Oh sorry, yes I read `named tuple`, implying you wanted many columns for output.

Yes, `Tuple`s do not get “stacked” after a `combine` call. Only vectors get stacked. You can do

``````combine(gd, :x => (collect ∘ dostuff) => :y)
``````

if `dostuff` returns a `Tuple`.

3 Likes

Sounds like a cleaner solution than what I came up with, but I’m not sure I’m following.

I think I’m missing what the “gd” in your combine statement is referencing, and how to maintain the columnar interactions (referenced per the getproduct function you shared) as well as the per-subject split-apply-combine?

function getproduct(names)
collect.( (vec ∘ collect ∘ Iterators.product)(names, names))
end;

function dostuff(x, y)
res=functionthatreturns15itemNamedTuple(x,y)
[i for i in a]
end;

#this returns, per “subject”, 15 rows of data, with columns for each column interaction as >#defined in get-product
result=combine(groupby(test, “subject”), getproduct(names(test, Not(“subject”))) .=> newrun)

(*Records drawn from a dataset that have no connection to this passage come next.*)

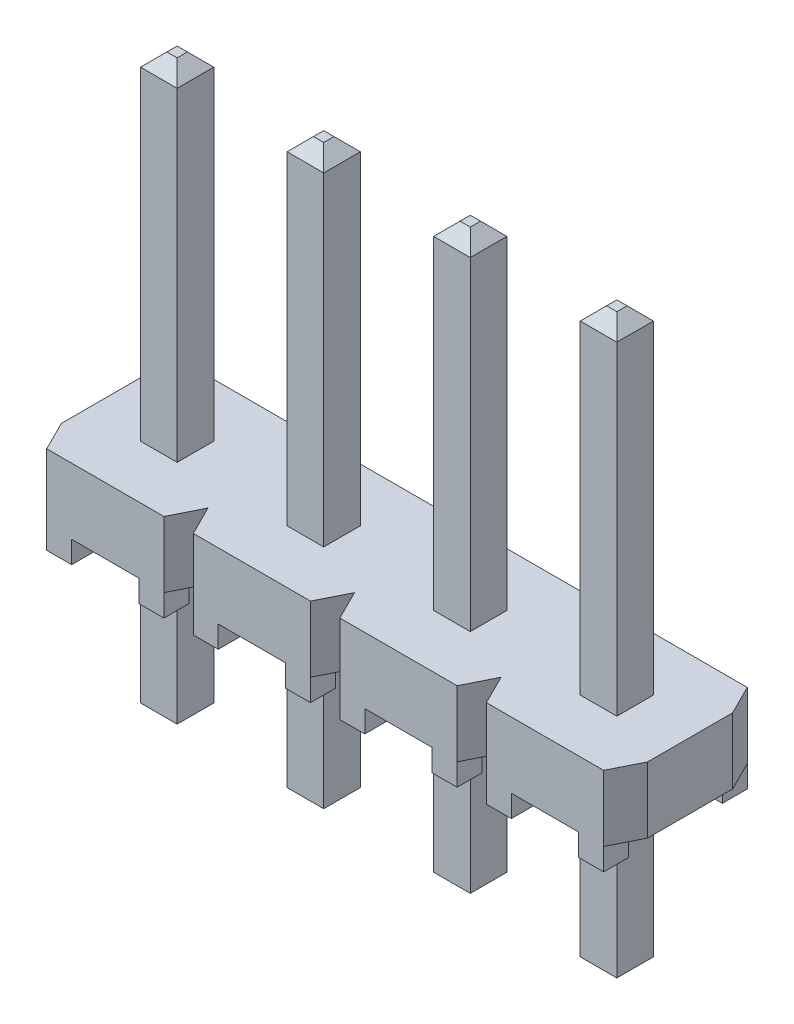
from build123d import *

# Parameters (mm, degrees)
SKETCH1_W                        = 10.16
SKETCH1_H                        = 2.4892
BASE_EXTRUDE_DEPTH               = 0.5715
SNAP_GROOVES_DEPTH               = 6.353678937
SKETCH4_W                        = 0.4318
SKETCH4_H                        = 0.4318
STANDOFFS_DEPTH                  = 0.381
POSITION_PATTERN_COUNT           = 4
POSITION_PATTERN_PITCH           = 2.54
SKETCH5_W                        = 0.635
SKETCH5_H                        = 10
TERMINAL_TH_DEPTH                = 0.3175
T1_TIP1_SIZE                     = 0.2286
TERMINAL_PATTERN_COUNT           = 4
TERMINAL_PATTERN_PITCH           = 2.54
T1_TIP1_OF_TERMINAL_PATTERN_SIZE = 0.2286


with BuildPart() as part:
    # Sketch1 → Base-Extrude (new, symmetric)
    with BuildSketch(Plane(origin=(0, 0, 0), x_dir=(1, 0, 0), z_dir=(0, 1, 0))):
        Rectangle(SKETCH1_W, SKETCH1_H)
    extrude(amount=BASE_EXTRUDE_DEPTH, both=True)

    # Sketch3 → Snap Grooves (cut, through all)
    with BuildSketch(Plane(origin=(0, 0.5715, 0), x_dir=(-1, 0, 0), z_dir=(0, 1, 0))):
        Polygon((2.286, 1.2446), (2.794, 1.2446), (2.54, 0.7366), align=None)
        Polygon((2.286, -1.2446), (2.794, -1.2446), (2.54, -0.7366), align=None)
        Polygon((5.08, -0.7366), (5.334, -1.2446), (4.826, -1.2446), align=None)
        Polygon((5.08, 0.7366), (5.334, 1.2446), (4.826, 1.2446), align=None)
    snap_grooves = extrude(amount=-SNAP_GROOVES_DEPTH, mode=Mode.SUBTRACT)

    # Sketch4 → Standoffs (add)
    with BuildSketch(Plane.XZ.offset(0.5715)):
        with Locations((-4.6101, 1.0287)):
            Rectangle(SKETCH4_W, SKETCH4_H)
        with Locations((-3.0099, 1.0287)):
            Rectangle(SKETCH4_W, SKETCH4_H)
        with Locations((-3.0099, -1.0287)):
            Rectangle(SKETCH4_W, SKETCH4_H)
        with Locations((-4.6101, -1.0287)):
            Rectangle(SKETCH4_W, SKETCH4_H)
    standoffs = extrude(amount=STANDOFFS_DEPTH)

    # Position Pattern: Snap Grooves, Standoffs ×4
    with Locations(*[(i * POSITION_PATTERN_PITCH, 0, 0) for i in range(1, POSITION_PATTERN_COUNT)]):
        add(snap_grooves, mode=Mode.SUBTRACT)
        add(standoffs)

    # Sketch5 → Terminal -TH (add, symmetric)
    with BuildSketch(Plane.ZY.offset(3.81)):
        with Locations((0, 1.4135)):
            Rectangle(SKETCH5_W, SKETCH5_H)
    terminal_th = extrude(amount=TERMINAL_TH_DEPTH, both=True)

    # T1 Tip1
    t1_tip1_edges = [part.edges().sort_by_distance(p)[0] for p in [
        (-3.81, -3.5865, 0.3175),
        (-4.1275, -3.5865, 0),
        (-3.81, 6.4135, -0.3175),
        (-3.4925, -3.5865, 0),
        (-3.81, -3.5865, -0.3175),
        (-3.4925, 6.4135, 0),
        (-3.81, 6.4135, 0.3175),
        (-4.1275, 6.4135, 0),
    ]]
    chamfer(t1_tip1_edges, length=T1_TIP1_SIZE)

    # Terminal Pattern: Terminal -TH ×4
    with Locations(*[(i * TERMINAL_PATTERN_PITCH, 0, 0) for i in range(1, TERMINAL_PATTERN_COUNT)]):
        add(terminal_th)

    # T1 Tip1 of Terminal Pattern
    t1_tip1_of_terminal_pattern_edges = [part.edges().sort_by_distance(p)[0] for p in [
        (-1.27, -3.5865, 0.3175),
        (-1.5875, -3.5865, 0),
        (-1.27, 6.4135, -0.3175),
        (-0.9525, -3.5865, 0),
        (-1.27, -3.5865, -0.3175),
        (-0.9525, 6.4135, 0),
        (-1.27, 6.4135, 0.3175),
        (-1.5875, 6.4135, 0),
        (1.27, -3.5865, 0.3175),
        (0.9525, -3.5865, 0),
        (1.27, 6.4135, -0.3175),
        (1.5875, -3.5865, 0),
        (1.27, -3.5865, -0.3175),
        (1.5875, 6.4135, 0),
        (1.27, 6.4135, 0.3175),
        (0.9525, 6.4135, 0),
        (3.81, -3.5865, 0.3175),
        (3.4925, -3.5865, 0),
        (3.81, 6.4135, -0.3175),
        (4.1275, -3.5865, 0),
        (3.81, -3.5865, -0.3175),
        (4.1275, 6.4135, 0),
        (3.81, 6.4135, 0.3175),
        (3.4925, 6.4135, 0),
    ]]
    chamfer(t1_tip1_of_terminal_pattern_edges, length=T1_TIP1_OF_TERMINAL_PATTERN_SIZE)


solid = part.part
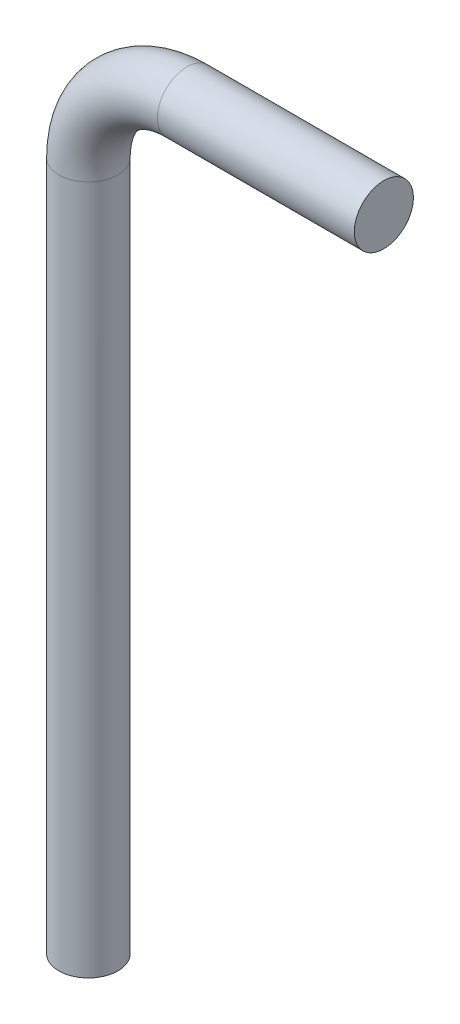
from build123d import *

# Parameters (mm, degrees)
SKETCH2_R = 3


with BuildPart() as part:
    # Sweep1: sweep along a path in Sketch1
    with BuildLine(Plane.XY) as sweep1_path:
        Line((0, 0), (0, 70))
        ThreePointArc((0, 70), (2.928932188, 77.071067812), (10, 80))
        Line((10, 80), (30, 80))
    # Sketch2 → Sweep1 (sweep)
    with BuildSketch(Plane(origin=(30, 80, 0), x_dir=(0, 0, -1), z_dir=(1, 0, 0))):
        Circle(SKETCH2_R)
    sweep(path=sweep1_path.line)


solid = part.part

#this is a vector of strings with the labels for the rows of the Tuple
labels=["item 1’, “item2”…]

#this creates a new variable, Measure, in my results data frame

# this assigns, for each subject, the measure labels for each item of the Tuple

result.measure=repeat(labels, length(unique(result.subject)))

The `gd` just means `groupby(test, "subject")`, i.e. the grouped data frame.

I think you are on the right track. I would just put the `labels` in your original combine call, i.e.

``````combine(groupby(test, "subject"), [] => (()->  labels) => "label", getproduct()...)
``````
1 Like

Ah, I see - yes, the conventions are still very new to me.

Thanks again for your help, very much appreciated. I’ll work on integrating the labeling step in the call as suggested, I didn’t realize I could do this.